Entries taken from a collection
--------------------------------------------------
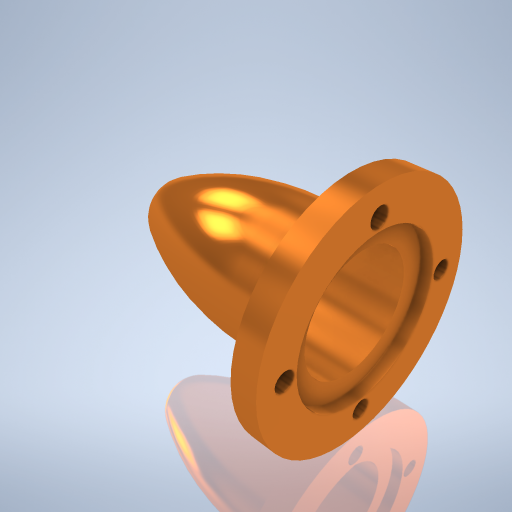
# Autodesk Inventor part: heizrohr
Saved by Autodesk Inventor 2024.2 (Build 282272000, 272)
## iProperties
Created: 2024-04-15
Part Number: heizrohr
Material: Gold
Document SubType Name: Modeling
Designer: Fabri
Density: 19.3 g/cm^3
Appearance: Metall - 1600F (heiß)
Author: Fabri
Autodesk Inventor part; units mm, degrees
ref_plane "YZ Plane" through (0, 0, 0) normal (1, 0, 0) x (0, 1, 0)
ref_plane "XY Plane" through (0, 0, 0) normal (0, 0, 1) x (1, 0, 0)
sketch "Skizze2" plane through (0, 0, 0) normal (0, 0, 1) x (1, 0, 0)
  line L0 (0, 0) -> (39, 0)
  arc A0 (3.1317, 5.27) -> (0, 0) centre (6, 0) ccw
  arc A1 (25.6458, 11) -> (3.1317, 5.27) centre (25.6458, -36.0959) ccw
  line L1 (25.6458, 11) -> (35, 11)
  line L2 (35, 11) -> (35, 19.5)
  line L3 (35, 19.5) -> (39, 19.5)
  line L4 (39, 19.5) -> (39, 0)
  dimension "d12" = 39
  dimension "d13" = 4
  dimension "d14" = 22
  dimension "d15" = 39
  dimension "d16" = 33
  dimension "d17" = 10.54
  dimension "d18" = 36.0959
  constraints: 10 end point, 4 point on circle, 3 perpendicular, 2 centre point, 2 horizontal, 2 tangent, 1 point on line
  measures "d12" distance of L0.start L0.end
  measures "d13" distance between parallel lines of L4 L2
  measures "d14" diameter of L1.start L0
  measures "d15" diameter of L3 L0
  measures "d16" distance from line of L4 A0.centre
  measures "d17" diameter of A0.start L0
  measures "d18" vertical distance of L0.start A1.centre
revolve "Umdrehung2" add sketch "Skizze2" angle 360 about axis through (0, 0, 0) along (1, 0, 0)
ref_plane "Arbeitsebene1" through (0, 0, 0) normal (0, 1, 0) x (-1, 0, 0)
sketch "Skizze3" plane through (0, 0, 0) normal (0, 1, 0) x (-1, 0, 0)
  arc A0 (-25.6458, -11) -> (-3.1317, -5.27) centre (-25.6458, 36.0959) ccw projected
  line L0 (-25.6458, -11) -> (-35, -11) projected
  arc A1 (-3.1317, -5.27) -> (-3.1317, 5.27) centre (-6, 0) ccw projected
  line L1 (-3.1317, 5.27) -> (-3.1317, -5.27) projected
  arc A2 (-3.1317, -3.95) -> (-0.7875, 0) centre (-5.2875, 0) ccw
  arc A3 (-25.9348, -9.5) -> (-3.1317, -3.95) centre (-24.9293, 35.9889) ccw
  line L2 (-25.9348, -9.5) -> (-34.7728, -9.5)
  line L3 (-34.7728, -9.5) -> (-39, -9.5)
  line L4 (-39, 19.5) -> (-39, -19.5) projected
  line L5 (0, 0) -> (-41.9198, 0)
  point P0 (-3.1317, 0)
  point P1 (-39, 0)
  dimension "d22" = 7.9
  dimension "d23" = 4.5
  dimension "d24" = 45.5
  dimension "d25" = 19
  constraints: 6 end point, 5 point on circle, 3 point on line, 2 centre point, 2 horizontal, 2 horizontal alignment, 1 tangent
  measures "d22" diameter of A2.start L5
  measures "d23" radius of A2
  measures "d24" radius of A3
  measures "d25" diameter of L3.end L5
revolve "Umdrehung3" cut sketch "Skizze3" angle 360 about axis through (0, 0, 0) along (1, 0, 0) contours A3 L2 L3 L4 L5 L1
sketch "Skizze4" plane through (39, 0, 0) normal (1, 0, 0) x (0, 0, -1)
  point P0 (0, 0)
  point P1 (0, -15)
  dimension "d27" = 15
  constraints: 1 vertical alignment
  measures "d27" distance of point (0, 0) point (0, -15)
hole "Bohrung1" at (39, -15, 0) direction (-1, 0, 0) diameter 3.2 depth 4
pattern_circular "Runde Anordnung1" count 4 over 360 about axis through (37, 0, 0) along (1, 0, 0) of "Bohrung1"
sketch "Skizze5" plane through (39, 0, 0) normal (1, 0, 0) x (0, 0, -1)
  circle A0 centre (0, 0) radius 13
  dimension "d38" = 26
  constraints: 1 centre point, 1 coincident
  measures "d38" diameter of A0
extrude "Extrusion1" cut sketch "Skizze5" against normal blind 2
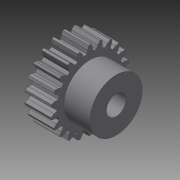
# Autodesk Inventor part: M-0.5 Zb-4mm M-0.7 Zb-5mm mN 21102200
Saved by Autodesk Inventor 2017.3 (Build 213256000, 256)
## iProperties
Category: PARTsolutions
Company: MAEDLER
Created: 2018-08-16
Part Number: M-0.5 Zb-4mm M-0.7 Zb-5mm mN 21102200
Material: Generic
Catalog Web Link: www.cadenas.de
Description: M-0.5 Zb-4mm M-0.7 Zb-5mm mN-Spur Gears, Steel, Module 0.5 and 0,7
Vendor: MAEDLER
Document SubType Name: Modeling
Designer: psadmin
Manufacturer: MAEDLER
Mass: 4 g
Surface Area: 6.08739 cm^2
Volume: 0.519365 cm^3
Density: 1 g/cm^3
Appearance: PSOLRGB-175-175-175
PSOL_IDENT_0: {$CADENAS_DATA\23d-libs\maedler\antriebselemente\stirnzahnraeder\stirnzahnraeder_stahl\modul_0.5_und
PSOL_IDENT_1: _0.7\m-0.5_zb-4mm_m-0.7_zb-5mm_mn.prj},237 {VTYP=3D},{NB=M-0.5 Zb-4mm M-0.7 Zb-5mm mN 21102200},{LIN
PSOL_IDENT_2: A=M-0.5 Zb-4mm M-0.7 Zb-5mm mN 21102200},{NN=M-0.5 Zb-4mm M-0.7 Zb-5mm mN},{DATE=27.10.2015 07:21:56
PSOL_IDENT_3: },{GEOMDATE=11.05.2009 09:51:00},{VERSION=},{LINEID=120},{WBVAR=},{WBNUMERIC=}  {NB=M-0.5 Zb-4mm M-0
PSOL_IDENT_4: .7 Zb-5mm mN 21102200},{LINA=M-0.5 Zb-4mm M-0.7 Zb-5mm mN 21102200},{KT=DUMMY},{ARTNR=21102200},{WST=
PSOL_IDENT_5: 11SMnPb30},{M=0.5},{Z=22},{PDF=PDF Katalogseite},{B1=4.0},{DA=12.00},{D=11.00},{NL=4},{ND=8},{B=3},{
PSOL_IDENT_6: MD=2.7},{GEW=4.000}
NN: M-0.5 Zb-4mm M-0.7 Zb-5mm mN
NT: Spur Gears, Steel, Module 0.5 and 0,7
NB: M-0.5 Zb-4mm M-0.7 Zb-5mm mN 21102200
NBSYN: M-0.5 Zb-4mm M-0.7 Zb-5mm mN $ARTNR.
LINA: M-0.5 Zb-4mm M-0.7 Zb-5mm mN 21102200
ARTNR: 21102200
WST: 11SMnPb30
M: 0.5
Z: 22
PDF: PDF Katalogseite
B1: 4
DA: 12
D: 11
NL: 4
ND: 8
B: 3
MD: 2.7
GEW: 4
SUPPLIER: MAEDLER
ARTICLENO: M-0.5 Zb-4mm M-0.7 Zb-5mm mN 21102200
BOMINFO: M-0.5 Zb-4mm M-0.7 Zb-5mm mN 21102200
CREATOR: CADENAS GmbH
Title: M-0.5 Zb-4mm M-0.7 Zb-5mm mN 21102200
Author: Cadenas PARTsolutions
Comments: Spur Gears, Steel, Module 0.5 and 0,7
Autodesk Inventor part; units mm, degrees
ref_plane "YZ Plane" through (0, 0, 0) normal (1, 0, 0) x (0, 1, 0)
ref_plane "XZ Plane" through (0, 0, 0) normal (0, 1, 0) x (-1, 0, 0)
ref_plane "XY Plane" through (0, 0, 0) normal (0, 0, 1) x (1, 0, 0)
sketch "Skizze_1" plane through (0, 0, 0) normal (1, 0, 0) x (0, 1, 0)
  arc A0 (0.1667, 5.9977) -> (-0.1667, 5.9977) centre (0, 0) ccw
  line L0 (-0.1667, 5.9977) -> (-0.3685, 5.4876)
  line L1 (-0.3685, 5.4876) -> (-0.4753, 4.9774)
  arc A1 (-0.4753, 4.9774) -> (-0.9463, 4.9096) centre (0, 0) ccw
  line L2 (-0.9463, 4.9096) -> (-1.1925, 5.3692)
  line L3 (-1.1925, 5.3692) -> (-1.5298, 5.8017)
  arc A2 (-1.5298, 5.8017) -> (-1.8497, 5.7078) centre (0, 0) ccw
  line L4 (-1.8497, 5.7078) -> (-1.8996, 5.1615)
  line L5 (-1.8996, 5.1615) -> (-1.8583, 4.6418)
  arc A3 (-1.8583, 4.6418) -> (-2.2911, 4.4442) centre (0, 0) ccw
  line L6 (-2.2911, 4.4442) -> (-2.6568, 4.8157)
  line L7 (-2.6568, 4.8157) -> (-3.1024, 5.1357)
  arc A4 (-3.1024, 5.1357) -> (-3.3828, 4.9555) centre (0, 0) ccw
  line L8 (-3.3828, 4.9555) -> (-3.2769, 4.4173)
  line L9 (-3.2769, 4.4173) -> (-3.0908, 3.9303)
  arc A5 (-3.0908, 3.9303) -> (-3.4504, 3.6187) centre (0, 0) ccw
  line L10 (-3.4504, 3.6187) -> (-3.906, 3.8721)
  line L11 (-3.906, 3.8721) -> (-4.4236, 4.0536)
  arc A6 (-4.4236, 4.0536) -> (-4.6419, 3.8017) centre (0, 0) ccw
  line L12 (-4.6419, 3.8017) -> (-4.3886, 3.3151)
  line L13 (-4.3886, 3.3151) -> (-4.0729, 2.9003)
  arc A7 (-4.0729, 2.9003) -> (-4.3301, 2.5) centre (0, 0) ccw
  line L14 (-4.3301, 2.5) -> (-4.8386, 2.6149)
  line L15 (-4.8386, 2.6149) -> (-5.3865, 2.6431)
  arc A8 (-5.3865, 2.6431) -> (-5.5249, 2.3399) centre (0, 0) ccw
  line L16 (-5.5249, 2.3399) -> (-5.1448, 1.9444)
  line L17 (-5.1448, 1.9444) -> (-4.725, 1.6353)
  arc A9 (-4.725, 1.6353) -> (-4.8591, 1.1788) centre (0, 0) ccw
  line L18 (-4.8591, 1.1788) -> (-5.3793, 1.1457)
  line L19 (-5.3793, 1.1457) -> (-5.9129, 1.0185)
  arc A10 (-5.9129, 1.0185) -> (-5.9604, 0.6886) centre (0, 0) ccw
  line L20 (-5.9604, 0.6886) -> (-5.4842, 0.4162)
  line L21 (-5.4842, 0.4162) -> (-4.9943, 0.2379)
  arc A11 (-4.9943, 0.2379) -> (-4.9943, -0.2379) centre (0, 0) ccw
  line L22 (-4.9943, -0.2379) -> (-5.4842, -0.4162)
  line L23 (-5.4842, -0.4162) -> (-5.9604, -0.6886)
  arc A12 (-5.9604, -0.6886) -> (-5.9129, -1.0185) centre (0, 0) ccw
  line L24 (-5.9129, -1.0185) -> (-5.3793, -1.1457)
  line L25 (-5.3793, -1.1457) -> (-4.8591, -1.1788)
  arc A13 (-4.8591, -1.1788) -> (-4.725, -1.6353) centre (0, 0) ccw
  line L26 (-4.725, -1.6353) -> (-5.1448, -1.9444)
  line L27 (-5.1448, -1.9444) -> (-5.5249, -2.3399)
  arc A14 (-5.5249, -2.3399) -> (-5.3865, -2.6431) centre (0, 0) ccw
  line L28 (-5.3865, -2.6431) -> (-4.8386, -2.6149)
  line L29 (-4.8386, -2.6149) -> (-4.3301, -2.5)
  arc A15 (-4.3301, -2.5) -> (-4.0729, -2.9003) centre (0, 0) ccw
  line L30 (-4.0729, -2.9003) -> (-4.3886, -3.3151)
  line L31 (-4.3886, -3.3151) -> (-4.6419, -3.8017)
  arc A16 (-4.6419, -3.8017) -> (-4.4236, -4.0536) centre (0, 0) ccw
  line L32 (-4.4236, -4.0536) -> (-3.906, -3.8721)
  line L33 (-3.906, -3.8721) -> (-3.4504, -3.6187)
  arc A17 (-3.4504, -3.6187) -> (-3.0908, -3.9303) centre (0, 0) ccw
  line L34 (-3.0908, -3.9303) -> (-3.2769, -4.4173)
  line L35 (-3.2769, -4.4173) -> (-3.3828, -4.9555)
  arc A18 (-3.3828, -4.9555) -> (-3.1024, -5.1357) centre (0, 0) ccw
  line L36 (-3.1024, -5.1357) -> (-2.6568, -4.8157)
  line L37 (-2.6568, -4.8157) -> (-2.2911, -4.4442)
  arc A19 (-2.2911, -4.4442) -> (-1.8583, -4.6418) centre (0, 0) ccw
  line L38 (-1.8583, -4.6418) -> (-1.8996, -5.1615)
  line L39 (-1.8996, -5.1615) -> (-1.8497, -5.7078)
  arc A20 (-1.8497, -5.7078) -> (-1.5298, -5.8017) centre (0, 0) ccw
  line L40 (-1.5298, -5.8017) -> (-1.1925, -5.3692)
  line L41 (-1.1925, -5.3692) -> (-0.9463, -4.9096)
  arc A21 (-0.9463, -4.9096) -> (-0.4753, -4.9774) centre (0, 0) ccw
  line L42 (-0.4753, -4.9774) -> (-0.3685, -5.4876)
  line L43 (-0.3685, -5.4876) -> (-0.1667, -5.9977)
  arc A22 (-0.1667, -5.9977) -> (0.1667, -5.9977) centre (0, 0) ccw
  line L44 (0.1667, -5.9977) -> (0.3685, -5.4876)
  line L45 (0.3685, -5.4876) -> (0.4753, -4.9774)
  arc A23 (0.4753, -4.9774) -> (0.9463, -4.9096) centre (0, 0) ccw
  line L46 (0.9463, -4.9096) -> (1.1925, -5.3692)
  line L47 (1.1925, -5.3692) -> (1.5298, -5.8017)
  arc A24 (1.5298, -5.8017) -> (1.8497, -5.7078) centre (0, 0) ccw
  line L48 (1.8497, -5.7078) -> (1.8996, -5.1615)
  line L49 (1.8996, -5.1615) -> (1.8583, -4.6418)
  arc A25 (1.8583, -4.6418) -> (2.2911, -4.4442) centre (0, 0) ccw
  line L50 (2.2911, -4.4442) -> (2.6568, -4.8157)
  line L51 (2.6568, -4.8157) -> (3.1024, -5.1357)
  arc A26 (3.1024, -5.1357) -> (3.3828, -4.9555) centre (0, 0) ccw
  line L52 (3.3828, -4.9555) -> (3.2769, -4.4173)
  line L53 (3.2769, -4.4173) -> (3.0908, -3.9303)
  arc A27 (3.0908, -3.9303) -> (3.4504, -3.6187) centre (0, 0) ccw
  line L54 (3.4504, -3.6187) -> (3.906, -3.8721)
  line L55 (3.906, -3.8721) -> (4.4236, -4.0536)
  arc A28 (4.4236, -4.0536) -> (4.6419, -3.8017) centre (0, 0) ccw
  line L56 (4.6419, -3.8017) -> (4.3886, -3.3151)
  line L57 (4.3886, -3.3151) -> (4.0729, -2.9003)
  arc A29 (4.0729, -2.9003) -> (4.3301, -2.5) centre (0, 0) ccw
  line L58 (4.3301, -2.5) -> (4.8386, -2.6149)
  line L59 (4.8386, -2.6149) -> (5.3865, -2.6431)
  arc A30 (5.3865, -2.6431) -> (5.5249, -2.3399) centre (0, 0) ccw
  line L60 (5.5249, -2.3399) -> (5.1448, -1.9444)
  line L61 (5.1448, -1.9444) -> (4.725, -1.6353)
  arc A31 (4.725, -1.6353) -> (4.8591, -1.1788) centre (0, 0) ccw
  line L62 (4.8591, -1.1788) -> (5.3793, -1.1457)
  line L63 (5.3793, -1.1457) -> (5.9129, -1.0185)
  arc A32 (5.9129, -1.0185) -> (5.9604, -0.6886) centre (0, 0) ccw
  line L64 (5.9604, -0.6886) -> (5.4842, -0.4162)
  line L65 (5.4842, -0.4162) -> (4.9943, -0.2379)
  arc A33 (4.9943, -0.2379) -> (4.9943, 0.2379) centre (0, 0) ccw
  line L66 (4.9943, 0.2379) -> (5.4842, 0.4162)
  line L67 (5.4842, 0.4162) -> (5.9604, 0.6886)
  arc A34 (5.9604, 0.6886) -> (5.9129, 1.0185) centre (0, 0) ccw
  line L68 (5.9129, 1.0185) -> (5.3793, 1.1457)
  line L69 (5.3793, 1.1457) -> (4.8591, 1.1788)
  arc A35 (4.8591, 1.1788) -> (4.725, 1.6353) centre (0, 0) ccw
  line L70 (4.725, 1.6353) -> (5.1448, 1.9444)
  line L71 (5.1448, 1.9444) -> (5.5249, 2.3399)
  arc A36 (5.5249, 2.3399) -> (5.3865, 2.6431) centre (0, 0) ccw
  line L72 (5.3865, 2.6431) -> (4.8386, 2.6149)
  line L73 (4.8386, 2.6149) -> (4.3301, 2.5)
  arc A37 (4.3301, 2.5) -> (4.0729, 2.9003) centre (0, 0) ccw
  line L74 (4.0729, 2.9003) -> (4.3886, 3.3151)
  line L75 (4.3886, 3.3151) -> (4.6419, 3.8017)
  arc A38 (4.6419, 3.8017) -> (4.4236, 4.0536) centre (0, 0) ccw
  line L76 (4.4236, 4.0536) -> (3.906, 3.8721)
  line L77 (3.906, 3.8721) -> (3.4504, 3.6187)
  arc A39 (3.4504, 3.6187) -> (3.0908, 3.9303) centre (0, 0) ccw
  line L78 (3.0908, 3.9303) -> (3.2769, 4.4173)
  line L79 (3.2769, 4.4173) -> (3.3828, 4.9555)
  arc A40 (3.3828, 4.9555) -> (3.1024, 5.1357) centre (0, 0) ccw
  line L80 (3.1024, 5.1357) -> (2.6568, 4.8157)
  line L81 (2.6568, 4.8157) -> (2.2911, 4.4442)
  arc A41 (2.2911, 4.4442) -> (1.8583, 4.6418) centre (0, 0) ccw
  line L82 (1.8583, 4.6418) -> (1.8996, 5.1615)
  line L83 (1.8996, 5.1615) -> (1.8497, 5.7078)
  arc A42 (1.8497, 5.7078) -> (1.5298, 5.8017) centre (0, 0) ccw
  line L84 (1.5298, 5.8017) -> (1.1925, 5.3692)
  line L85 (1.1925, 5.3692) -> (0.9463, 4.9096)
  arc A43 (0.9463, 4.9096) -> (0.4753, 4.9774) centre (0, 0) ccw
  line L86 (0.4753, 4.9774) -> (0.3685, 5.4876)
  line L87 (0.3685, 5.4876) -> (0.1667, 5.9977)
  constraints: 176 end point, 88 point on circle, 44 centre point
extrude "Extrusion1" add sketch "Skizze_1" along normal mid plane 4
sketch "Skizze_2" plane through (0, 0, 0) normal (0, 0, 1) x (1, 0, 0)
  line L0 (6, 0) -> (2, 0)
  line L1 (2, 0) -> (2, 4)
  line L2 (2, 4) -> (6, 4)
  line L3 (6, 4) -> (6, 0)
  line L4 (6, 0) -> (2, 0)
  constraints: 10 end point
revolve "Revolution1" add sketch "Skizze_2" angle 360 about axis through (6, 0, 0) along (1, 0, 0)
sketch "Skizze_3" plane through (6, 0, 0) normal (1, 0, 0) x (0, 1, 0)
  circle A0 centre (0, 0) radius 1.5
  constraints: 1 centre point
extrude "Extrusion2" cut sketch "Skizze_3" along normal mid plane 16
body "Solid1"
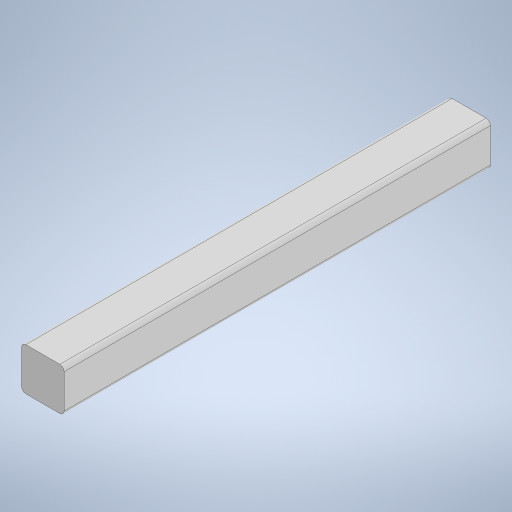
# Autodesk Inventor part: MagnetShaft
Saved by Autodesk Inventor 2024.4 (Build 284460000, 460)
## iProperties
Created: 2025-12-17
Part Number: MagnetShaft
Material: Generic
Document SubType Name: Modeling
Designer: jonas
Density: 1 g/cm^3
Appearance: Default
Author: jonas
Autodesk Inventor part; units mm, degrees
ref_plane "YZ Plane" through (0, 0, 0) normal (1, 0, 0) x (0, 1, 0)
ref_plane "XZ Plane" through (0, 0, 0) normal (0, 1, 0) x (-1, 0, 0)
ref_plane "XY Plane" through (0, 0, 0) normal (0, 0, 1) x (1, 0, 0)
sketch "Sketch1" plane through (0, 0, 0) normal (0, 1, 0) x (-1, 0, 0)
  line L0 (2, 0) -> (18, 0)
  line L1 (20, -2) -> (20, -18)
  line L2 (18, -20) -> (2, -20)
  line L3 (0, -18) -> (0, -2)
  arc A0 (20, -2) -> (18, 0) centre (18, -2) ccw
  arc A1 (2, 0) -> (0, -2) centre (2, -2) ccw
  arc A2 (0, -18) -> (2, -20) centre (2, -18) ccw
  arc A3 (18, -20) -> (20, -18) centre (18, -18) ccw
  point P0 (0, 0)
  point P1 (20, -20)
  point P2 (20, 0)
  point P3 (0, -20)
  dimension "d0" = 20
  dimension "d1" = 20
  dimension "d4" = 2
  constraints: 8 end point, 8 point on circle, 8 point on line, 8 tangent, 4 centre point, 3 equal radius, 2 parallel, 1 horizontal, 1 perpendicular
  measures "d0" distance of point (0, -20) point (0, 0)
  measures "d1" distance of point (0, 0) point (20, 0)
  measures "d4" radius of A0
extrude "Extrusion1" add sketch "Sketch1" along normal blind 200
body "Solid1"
--------------------------------------------------
Pick from the records each line that contains the word "ARTNR" and show it.

PSOL_IDENT_4: .7 Zb-5mm mN 21102200},{LINA=M-0.5 Zb-4mm M-0.7 Zb-5mm mN 21102200},{KT=DUMMY},{ARTNR=21102200},{WST=
NBSYN: M-0.5 Zb-4mm M-0.7 Zb-5mm mN $ARTNR.
ARTNR: 21102200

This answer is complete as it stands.